WHAT IS NEEDED: In how many lines of the material below does the string "中心线层" appear? Answer with a single number.

PROVIDED MATERIAL:
==============================
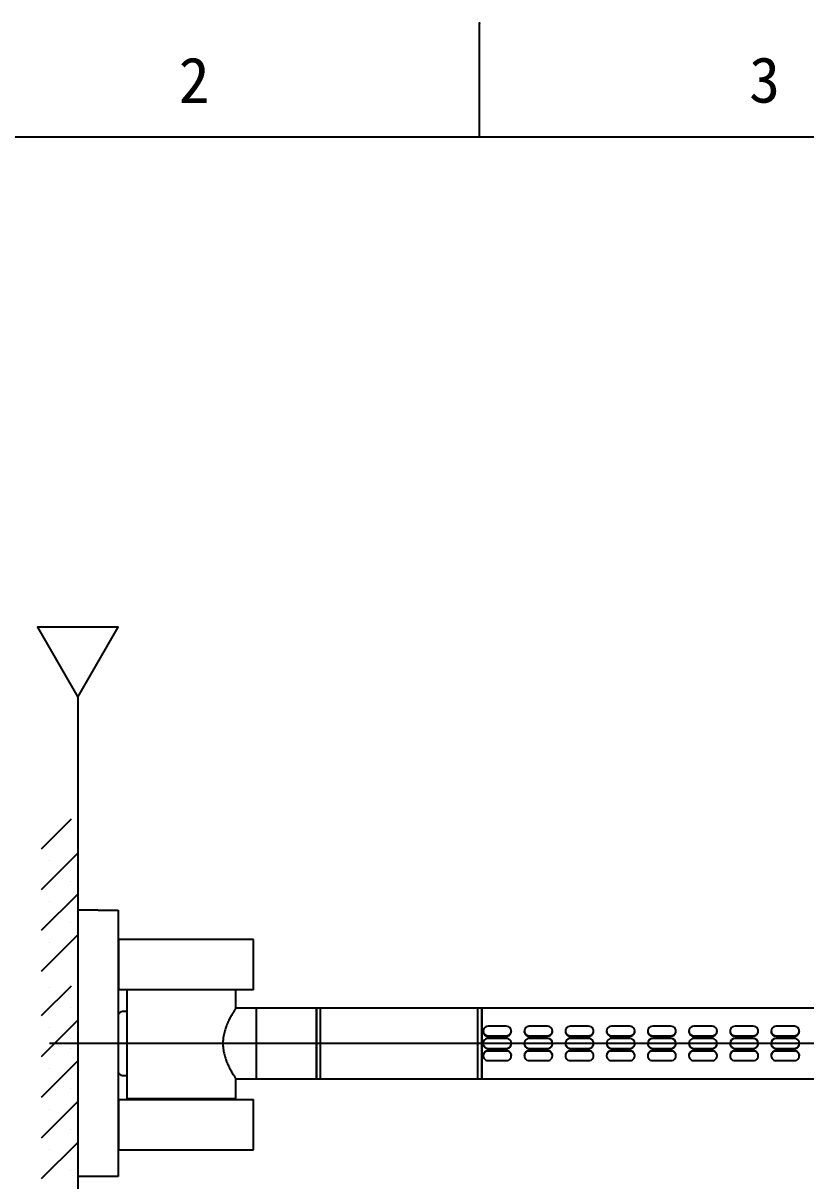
# Model space of a CAD drawing. Extents: x 3624 to 4218, y -1644 to -1224.
# Drawn here: x 3723.2 to 3820.3, y -1367.5 to -1224 of the extents above; entities that cross this region are included whole.
import ezdxf

# ---------------------------------------------------------------- set-up
doc = ezdxf.new("R2010")
doc.units = 0
doc.header["$LTSCALE"] = 23.1
doc.header["$MEASUREMENT"] = 0
doc.linetypes.add('CENTERX2', pattern=[20.32, 12.7, -2.54, 2.54, -2.54])
doc.layers.get('0').update_dxf_attribs({"linetype": 'CONTINUOUS'})
doc.layers.add('中心线层', color=1, linetype='CENTERX2', lineweight=25)

# ---------------------------------------------------------------- blocks, each defined once
blk = doc.blocks.new('SW_CENTERMARKSYMBOL_1')
at = {"layer": '中心线层', "color": 0}
for p, q in [((0, 1.25), (0, 5)), ((-1.25, 0), (-155.08, 0)), ((0, 0), (-0.63, 0)), ((0, 0), (0, 0.62)), ((0, 0), (0, -0.63)), ((0, 0), (0.62, 0)), ((1.25, 0), (5, 0)), ((0, -1.25), (0, -5))]:
    blk.add_line(p, q, dxfattribs=at)

msp = doc.modelspace()

# ---------------------------------------------------------------- linework, layer by layer
for p, q in [((3779.794, -1238.12), (3779.794, -1223.978)), ((4204.036, -1238.12), (3638.379, -1238.12))]:
    msp.add_line(p, q)
at = {"color": 5}
msp.add_line((3730.032, -1307.521), (3730.032, -1482.06), dxfattribs=at)
at = {"color": 5, "linetype": 'ByBlock'}
for p, q in [((3725.537, -1326.34), (3729.237, -1322.641)), ((3725.537, -1331.392), (3730.032, -1326.896)), ((3726.557, -1327.846), (3726.557, -1327.846)), ((3729.083, -1330.371), (3729.083, -1330.371)), ((3725.537, -1336.443), (3730.032, -1331.948)), ((3726.557, -1332.897), (3726.557, -1332.897)), ((3729.083, -1335.423), (3729.083, -1335.423)), ((3725.537, -1341.495), (3730.032, -1336.999)), ((3726.557, -1337.949), (3726.557, -1337.949)), ((3725.537, -1347.018), (3729.237, -1343.318)), ((3726.557, -1343.472), (3726.557, -1343.472)), ((3729.083, -1345.998), (3729.083, -1345.998)), ((3725.537, -1352.069), (3730.032, -1347.574)), ((3726.557, -1348.523), (3726.557, -1348.523)), ((3729.083, -1351.049), (3729.083, -1351.049)), ((3725.537, -1357.121), (3730.032, -1352.625)), ((3726.557, -1353.575), (3726.557, -1353.575)), ((3729.083, -1356.1), (3729.083, -1356.1)), ((3725.537, -1362.172), (3730.032, -1357.676)), ((3726.557, -1358.626), (3726.557, -1358.626)), ((3729.083, -1361.152), (3729.083, -1361.152)), ((3725.537, -1367.224), (3730.032, -1362.728)), ((3726.557, -1363.677), (3726.557, -1363.677)), ((3729.083, -1366.203), (3729.083, -1366.203))]:
    msp.add_line(p, q, dxfattribs=at)
at = {"color": 7, "linetype": 'Continuous', "lineweight": 25}
for p, q in [((3732.532, -1333.944), (3730.032, -1333.944)), ((3730.032, -1333.944), (3730.032, -1366.944)), ((3732.532, -1333.944), (3735.032, -1333.944)), ((3735.032, -1333.944), (3735.032, -1366.944)), ((3735.107, -1343.819), (3735.107, -1337.619)), ((3742.857, -1337.569), (3735.157, -1337.569)), ((3751.795, -1337.569), (3742.857, -1337.569)), ((3751.795, -1343.819), (3751.795, -1337.569)), ((3735.032, -1337.744), (3735.107, -1337.744)), ((3735.032, -1338.094), (3735.107, -1338.094)), ((3735.107, -1340.094), (3735.032, -1340.094)), ((3735.107, -1342.744), (3735.032, -1342.744)), ((3735.032, -1342.994), (3735.107, -1342.994)), ((3735.107, -1343.244), (3735.032, -1343.244)), ((3735.157, -1343.819), (3735.107, -1343.819)), ((3742.857, -1343.819), (3735.157, -1343.819)), ((3736.107, -1343.819), (3736.107, -1357.344)), ((3751.795, -1343.819), (3742.857, -1343.819)), ((3749.607, -1346.097), (3749.607, -1343.819)), ((3752.107, -1346.094), (3749.605, -1346.094)), ((3752.157, -1346.094), (3752.107, -1346.094)), ((3752.107, -1346.094), (3752.107, -1350.469)), ((3759.607, -1346.094), (3752.157, -1346.094)), ((3760.107, -1346.094), (3759.607, -1346.094)), ((3759.607, -1354.844), (3759.607, -1346.094)), ((3759.607, -1346.094), (3759.607, -1350.687)), ((3779.607, -1346.094), (3760.107, -1346.094)), ((3760.107, -1354.844), (3760.107, -1346.094)), ((3780.107, -1346.094), (3779.607, -1346.094)), ((3779.607, -1354.844), (3779.607, -1346.094)), ((3865.607, -1346.094), (3780.107, -1346.094)), ((3780.107, -1354.844), (3780.107, -1346.094)), ((3780.107, -1346.094), (3780.107, -1350.466)), ((3736.107, -1346.506), (3735.532, -1346.506)), ((3780.257, -1348.927), (3780.257, -1348.97)), ((3783.132, -1348.34), (3780.882, -1348.34)), ((3783.757, -1348.97), (3783.757, -1348.927)), ((3785.357, -1348.927), (3785.357, -1348.97)), ((3788.232, -1348.34), (3785.982, -1348.34)), ((3788.857, -1348.97), (3788.857, -1348.927)), ((3790.457, -1348.927), (3790.457, -1348.97)), ((3793.332, -1348.34), (3791.082, -1348.34)), ((3793.957, -1348.97), (3793.957, -1348.927)), ((3795.557, -1348.927), (3795.557, -1348.97)), ((3798.432, -1348.34), (3796.182, -1348.34)), ((3799.057, -1348.97), (3799.057, -1348.927)), ((3800.657, -1348.927), (3800.657, -1348.97)), ((3803.532, -1348.34), (3801.282, -1348.34)), ((3804.157, -1348.97), (3804.157, -1348.927)), ((3805.757, -1348.927), (3805.757, -1348.97)), ((3808.632, -1348.34), (3806.382, -1348.34)), ((3809.257, -1348.97), (3809.257, -1348.927)), ((3810.857, -1348.927), (3810.857, -1348.97)), ((3813.732, -1348.34), (3811.482, -1348.34)), ((3814.357, -1348.97), (3814.357, -1348.927)), ((3815.957, -1348.927), (3815.957, -1348.97)), ((3818.832, -1348.34), (3816.582, -1348.34)), ((3819.457, -1348.97), (3819.457, -1348.927)), ((3752.107, -1350.469), (3752.107, -1354.844)), ((3780.107, -1350.466), (3780.107, -1354.844)), ((3780.257, -1350.466), (3780.257, -1350.466)), ((3780.882, -1349.514), (3783.132, -1349.514)), ((3780.882, -1349.572), (3783.132, -1349.572)), ((3783.132, -1349.841), (3780.882, -1349.841)), ((3783.757, -1350.466), (3783.757, -1350.466)), ((3785.357, -1350.466), (3785.357, -1350.466)), ((3785.982, -1349.514), (3788.232, -1349.514)), ((3785.982, -1349.572), (3788.232, -1349.572)), ((3788.232, -1349.841), (3785.982, -1349.841)), ((3788.857, -1350.466), (3788.857, -1350.466)), ((3790.457, -1350.466), (3790.457, -1350.466)), ((3791.082, -1349.514), (3793.332, -1349.514)), ((3791.082, -1349.572), (3793.332, -1349.572)), ((3793.332, -1349.841), (3791.082, -1349.841)), ((3793.957, -1350.466), (3793.957, -1350.466)), ((3795.557, -1350.466), (3795.557, -1350.466)), ((3796.182, -1349.514), (3798.432, -1349.514)), ((3796.182, -1349.572), (3798.432, -1349.572)), ((3798.432, -1349.841), (3796.182, -1349.841)), ((3799.057, -1350.466), (3799.057, -1350.466)), ((3800.657, -1350.466), (3800.657, -1350.466)), ((3801.282, -1349.514), (3803.532, -1349.514)), ((3801.282, -1349.572), (3803.532, -1349.572)), ((3803.532, -1349.841), (3801.282, -1349.841)), ((3804.157, -1350.466), (3804.157, -1350.466)), ((3805.757, -1350.466), (3805.757, -1350.466)), ((3806.382, -1349.514), (3808.632, -1349.514)), ((3806.382, -1349.572), (3808.632, -1349.572)), ((3808.632, -1349.841), (3806.382, -1349.841)), ((3809.257, -1350.466), (3809.257, -1350.466)), ((3810.857, -1350.466), (3810.857, -1350.466)), ((3811.482, -1349.514), (3813.732, -1349.514)), ((3811.482, -1349.572), (3813.732, -1349.572)), ((3813.732, -1349.841), (3811.482, -1349.841)), ((3814.357, -1350.466), (3814.357, -1350.466)), ((3815.957, -1350.466), (3815.957, -1350.466)), ((3816.582, -1349.514), (3818.832, -1349.514)), ((3816.582, -1349.572), (3818.832, -1349.572)), ((3818.832, -1349.841), (3816.582, -1349.841)), ((3819.457, -1350.466), (3819.457, -1350.466)), ((3759.607, -1350.687), (3759.607, -1354.844)), ((3780.257, -1351.962), (3780.257, -1352.005)), ((3780.882, -1351.091), (3783.132, -1351.091)), ((3780.882, -1351.091), (3783.132, -1351.091)), ((3783.132, -1351.359), (3780.882, -1351.359)), ((3783.132, -1351.417), (3780.882, -1351.417)), ((3783.757, -1352.005), (3783.757, -1351.962)), ((3785.357, -1351.962), (3785.357, -1352.005)), ((3785.982, -1351.091), (3788.232, -1351.091)), ((3785.982, -1351.091), (3788.232, -1351.091)), ((3788.232, -1351.359), (3785.982, -1351.359)), ((3788.232, -1351.417), (3785.982, -1351.417)), ((3788.857, -1352.005), (3788.857, -1351.962)), ((3790.457, -1351.962), (3790.457, -1352.005)), ((3791.082, -1351.091), (3793.332, -1351.091)), ((3791.082, -1351.091), (3793.332, -1351.091)), ((3793.332, -1351.359), (3791.082, -1351.359)), ((3793.332, -1351.417), (3791.082, -1351.417)), ((3793.957, -1352.005), (3793.957, -1351.962)), ((3795.557, -1351.962), (3795.557, -1352.005)), ((3796.182, -1351.091), (3798.432, -1351.091)), ((3796.182, -1351.091), (3798.432, -1351.091)), ((3798.432, -1351.359), (3796.182, -1351.359)), ((3798.432, -1351.417), (3796.182, -1351.417)), ((3799.057, -1352.005), (3799.057, -1351.962)), ((3800.657, -1351.962), (3800.657, -1352.005)), ((3801.282, -1351.091), (3803.532, -1351.091)), ((3801.282, -1351.091), (3803.532, -1351.091)), ((3803.532, -1351.359), (3801.282, -1351.359)), ((3803.532, -1351.417), (3801.282, -1351.417)), ((3804.157, -1352.005), (3804.157, -1351.962)), ((3805.757, -1351.962), (3805.757, -1352.005)), ((3806.382, -1351.091), (3808.632, -1351.091)), ((3806.382, -1351.091), (3808.632, -1351.091)), ((3808.632, -1351.359), (3806.382, -1351.359)), ((3808.632, -1351.417), (3806.382, -1351.417)), ((3809.257, -1352.005), (3809.257, -1351.962)), ((3810.857, -1351.962), (3810.857, -1352.005)), ((3811.482, -1351.091), (3813.732, -1351.091)), ((3811.482, -1351.091), (3813.732, -1351.091)), ((3813.732, -1351.359), (3811.482, -1351.359)), ((3813.732, -1351.417), (3811.482, -1351.417)), ((3814.357, -1352.005), (3814.357, -1351.962)), ((3815.957, -1351.962), (3815.957, -1352.005)), ((3816.582, -1351.091), (3818.832, -1351.091)), ((3816.582, -1351.091), (3818.832, -1351.091)), ((3818.832, -1351.359), (3816.582, -1351.359)), ((3818.832, -1351.417), (3816.582, -1351.417)), ((3819.457, -1352.005), (3819.457, -1351.962)), ((3780.882, -1352.592), (3783.132, -1352.592)), ((3785.982, -1352.592), (3788.232, -1352.592)), ((3791.082, -1352.592), (3793.332, -1352.592)), ((3796.182, -1352.592), (3798.432, -1352.592)), ((3801.282, -1352.592), (3803.532, -1352.592)), ((3806.382, -1352.592), (3808.632, -1352.592)), ((3811.482, -1352.592), (3813.732, -1352.592)), ((3816.582, -1352.592), (3818.832, -1352.592)), ((3735.532, -1354.431), (3736.107, -1354.431)), ((3749.602, -1354.844), (3752.107, -1354.844)), ((3749.607, -1357.344), (3749.607, -1354.836)), ((3752.107, -1354.844), (3752.157, -1354.844)), ((3752.157, -1354.844), (3759.607, -1354.844)), ((3759.607, -1354.844), (3760.107, -1354.844)), ((3760.107, -1354.844), (3779.607, -1354.844)), ((3779.607, -1354.844), (3780.107, -1354.844)), ((3780.107, -1354.844), (3865.607, -1354.844)), ((3735.107, -1363.619), (3735.107, -1357.419)), ((3735.107, -1357.419), (3735.157, -1357.419)), ((3735.157, -1357.419), (3742.857, -1357.419)), ((3749.607, -1357.344), (3736.107, -1357.344)), ((3737.232, -1357.344), (3737.232, -1357.419)), ((3742.857, -1357.419), (3751.795, -1357.419)), ((3748.482, -1357.419), (3748.482, -1357.344)), ((3751.795, -1363.669), (3751.795, -1357.419)), ((3735.032, -1357.994), (3735.107, -1357.994)), ((3735.107, -1358.244), (3735.032, -1358.244)), ((3735.032, -1358.494), (3735.107, -1358.494)), ((3735.107, -1361.144), (3735.032, -1361.144)), ((3735.032, -1363.144), (3735.107, -1363.144)), ((3735.032, -1363.494), (3735.107, -1363.494)), ((3735.157, -1363.669), (3742.857, -1363.669)), ((3742.857, -1363.669), (3751.795, -1363.669)), ((3732.532, -1366.944), (3730.032, -1366.944)), ((3735.032, -1366.944), (3732.532, -1366.944))]:
    msp.add_line(p, q, dxfattribs=at)
at = {"color": 5, "linetype": 'ByBlock'}
msp.add_lwpolyline([(3730.032, -1307.521), (3735.036, -1298.855), (3725.029, -1298.855)], close=True, dxfattribs=at)
at = {"color": 7, "linetype": 'Continuous', "lineweight": 25}
for centre, radius, start, end in [((3735.157, -1337.619), 0.05, 90, 180), ((3752.157, -1346.144), 0.05, 90, 180), ((3735.532, -1347.006), 0.5, 90, 180), ((3780.853, -1348.927), 0.588, 87.12143, 272.87857), ((3783.162, -1348.927), 0.588, 267.12143, 92.87857), ((3785.953, -1348.927), 0.588, 87.12143, 272.87857), ((3788.262, -1348.927), 0.588, 267.12166, 92.87834), ((3791.053, -1348.927), 0.588, 87.12132, 272.87868), ((3793.362, -1348.927), 0.588, 267.1212, 92.8788), ((3796.153, -1348.927), 0.588, 87.1212, 272.8788), ((3798.462, -1348.927), 0.588, 267.12166, 92.87834), ((3801.253, -1348.927), 0.588, 87.12166, 272.87834), ((3803.562, -1348.927), 0.588, 267.12166, 92.87834), ((3806.353, -1348.927), 0.588, 87.12097, 272.87903), ((3808.662, -1348.927), 0.588, 267.12097, 92.87903), ((3811.453, -1348.927), 0.588, 87.12166, 272.87834), ((3813.762, -1348.927), 0.588, 267.12166, 92.87834), ((3816.553, -1348.927), 0.588, 87.12166, 272.87834), ((3818.862, -1348.927), 0.588, 267.1212, 92.8788), ((3780.882, -1350.466), 0.625, 89.99997, 270.00003), ((3783.132, -1350.466), 0.625, 269.99997, 90.00003), ((3785.982, -1350.466), 0.625, 89.99997, 270.00003), ((3788.232, -1350.466), 0.625, 270.0002, 89.9998), ((3791.082, -1350.466), 0.625, 89.99986, 270.00014), ((3793.332, -1350.466), 0.625, 269.99974, 90.00026), ((3796.182, -1350.466), 0.625, 89.99974, 270.00026), ((3798.432, -1350.466), 0.625, 270.0002, 89.9998), ((3801.282, -1350.466), 0.625, 90.0002, 269.9998), ((3803.532, -1350.466), 0.625, 270.0002, 89.9998), ((3806.382, -1350.466), 0.625, 89.99951, 270.00049), ((3808.632, -1350.466), 0.625, 269.99951, 90.00049), ((3811.482, -1350.466), 0.625, 90.0002, 269.9998), ((3813.732, -1350.466), 0.625, 270.0002, 89.9998), ((3816.582, -1350.466), 0.625, 90.0002, 269.9998), ((3818.832, -1350.466), 0.625, 269.99974, 90.00026), ((3780.853, -1352.005), 0.588, 87.14352, 272.85648), ((3783.162, -1352.005), 0.588, 267.14352, 92.85648), ((3785.953, -1352.005), 0.588, 87.14352, 272.85648), ((3788.262, -1352.005), 0.588, 267.14375, 92.85625), ((3791.053, -1352.005), 0.588, 87.14341, 272.85659), ((3793.362, -1352.005), 0.588, 267.14329, 92.85671), ((3796.153, -1352.005), 0.588, 87.14329, 272.85671), ((3798.462, -1352.005), 0.588, 267.14375, 92.85625), ((3801.253, -1352.005), 0.588, 87.14375, 272.85625), ((3803.562, -1352.005), 0.588, 267.14375, 92.85625), ((3806.353, -1352.005), 0.588, 87.14306, 272.85694), ((3808.662, -1352.005), 0.588, 267.14306, 92.85694), ((3811.453, -1352.005), 0.588, 87.14375, 272.85625), ((3813.762, -1352.005), 0.588, 267.14375, 92.85625), ((3816.553, -1352.005), 0.588, 87.14375, 272.85625), ((3818.862, -1352.005), 0.588, 267.14329, 92.85671), ((3735.532, -1353.931), 0.5, 180, 270), ((3752.157, -1354.794), 0.05, 180, 270), ((3735.157, -1363.619), 0.05, 180, 270)]:
    msp.add_arc(centre, radius, start, end, dxfattribs=at)
for points, knots in [([(3749.605, -1346.097), (3749.606, -1346.096), (3749.616, -1346.079), (3749.577, -1346.14), (3749.488, -1346.279), (3749.346, -1346.507), (3749.16, -1346.817), (3748.932, -1347.223), (3748.675, -1347.728), (3748.425, -1348.305), (3748.216, -1348.921), (3748.041, -1349.629), (3748.013, -1350.163), (3747.998, -1350.469)], [0, 0, 0, 0, 0.006342, 0.1008826, 0.1874387, 0.2762053, 0.3690916, 0.4640164, 0.5712, 0.6810313, 0.7748516, 0.8711122, 1, 1, 1, 1]), ([(3780.265, -1348.97), (3780.263, -1348.992), (3780.254, -1349.078), (3780.311, -1349.23), (3780.429, -1349.398), (3780.603, -1349.52), (3780.764, -1349.568), (3780.858, -1349.571), (3780.882, -1349.572)], [0, 0, 0, 0, 0.0704964, 0.2829491, 0.4961533, 0.7112552, 0.9264751, 1, 1, 1, 1]), ([(3783.132, -1349.572), (3783.202, -1349.565), (3783.342, -1349.552), (3783.529, -1349.447), (3783.669, -1349.294), (3783.75, -1349.125), (3783.75, -1349.014), (3783.75, -1348.969)], [0, 0, 0, 0, 0.2132462, 0.4264436, 0.6410118, 0.8564949, 1, 1, 1, 1]), ([(3785.365, -1348.97), (3785.363, -1348.992), (3785.354, -1349.078), (3785.411, -1349.23), (3785.529, -1349.398), (3785.703, -1349.52), (3785.864, -1349.568), (3785.958, -1349.571), (3785.982, -1349.572)], [0, 0, 0, 0, 0.0704964, 0.2829491, 0.4961533, 0.7112552, 0.9264751, 1, 1, 1, 1]), ([(3788.232, -1349.572), (3788.302, -1349.565), (3788.442, -1349.552), (3788.629, -1349.447), (3788.769, -1349.294), (3788.85, -1349.125), (3788.85, -1349.014), (3788.85, -1348.969)], [0, 0, 0, 0, 0.2132464, 0.426444, 0.6410099, 0.8564947, 1, 1, 1, 1]), ([(3790.465, -1348.97), (3790.463, -1348.992), (3790.454, -1349.078), (3790.511, -1349.23), (3790.629, -1349.398), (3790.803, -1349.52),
==============================
ANSWER SECTION: 2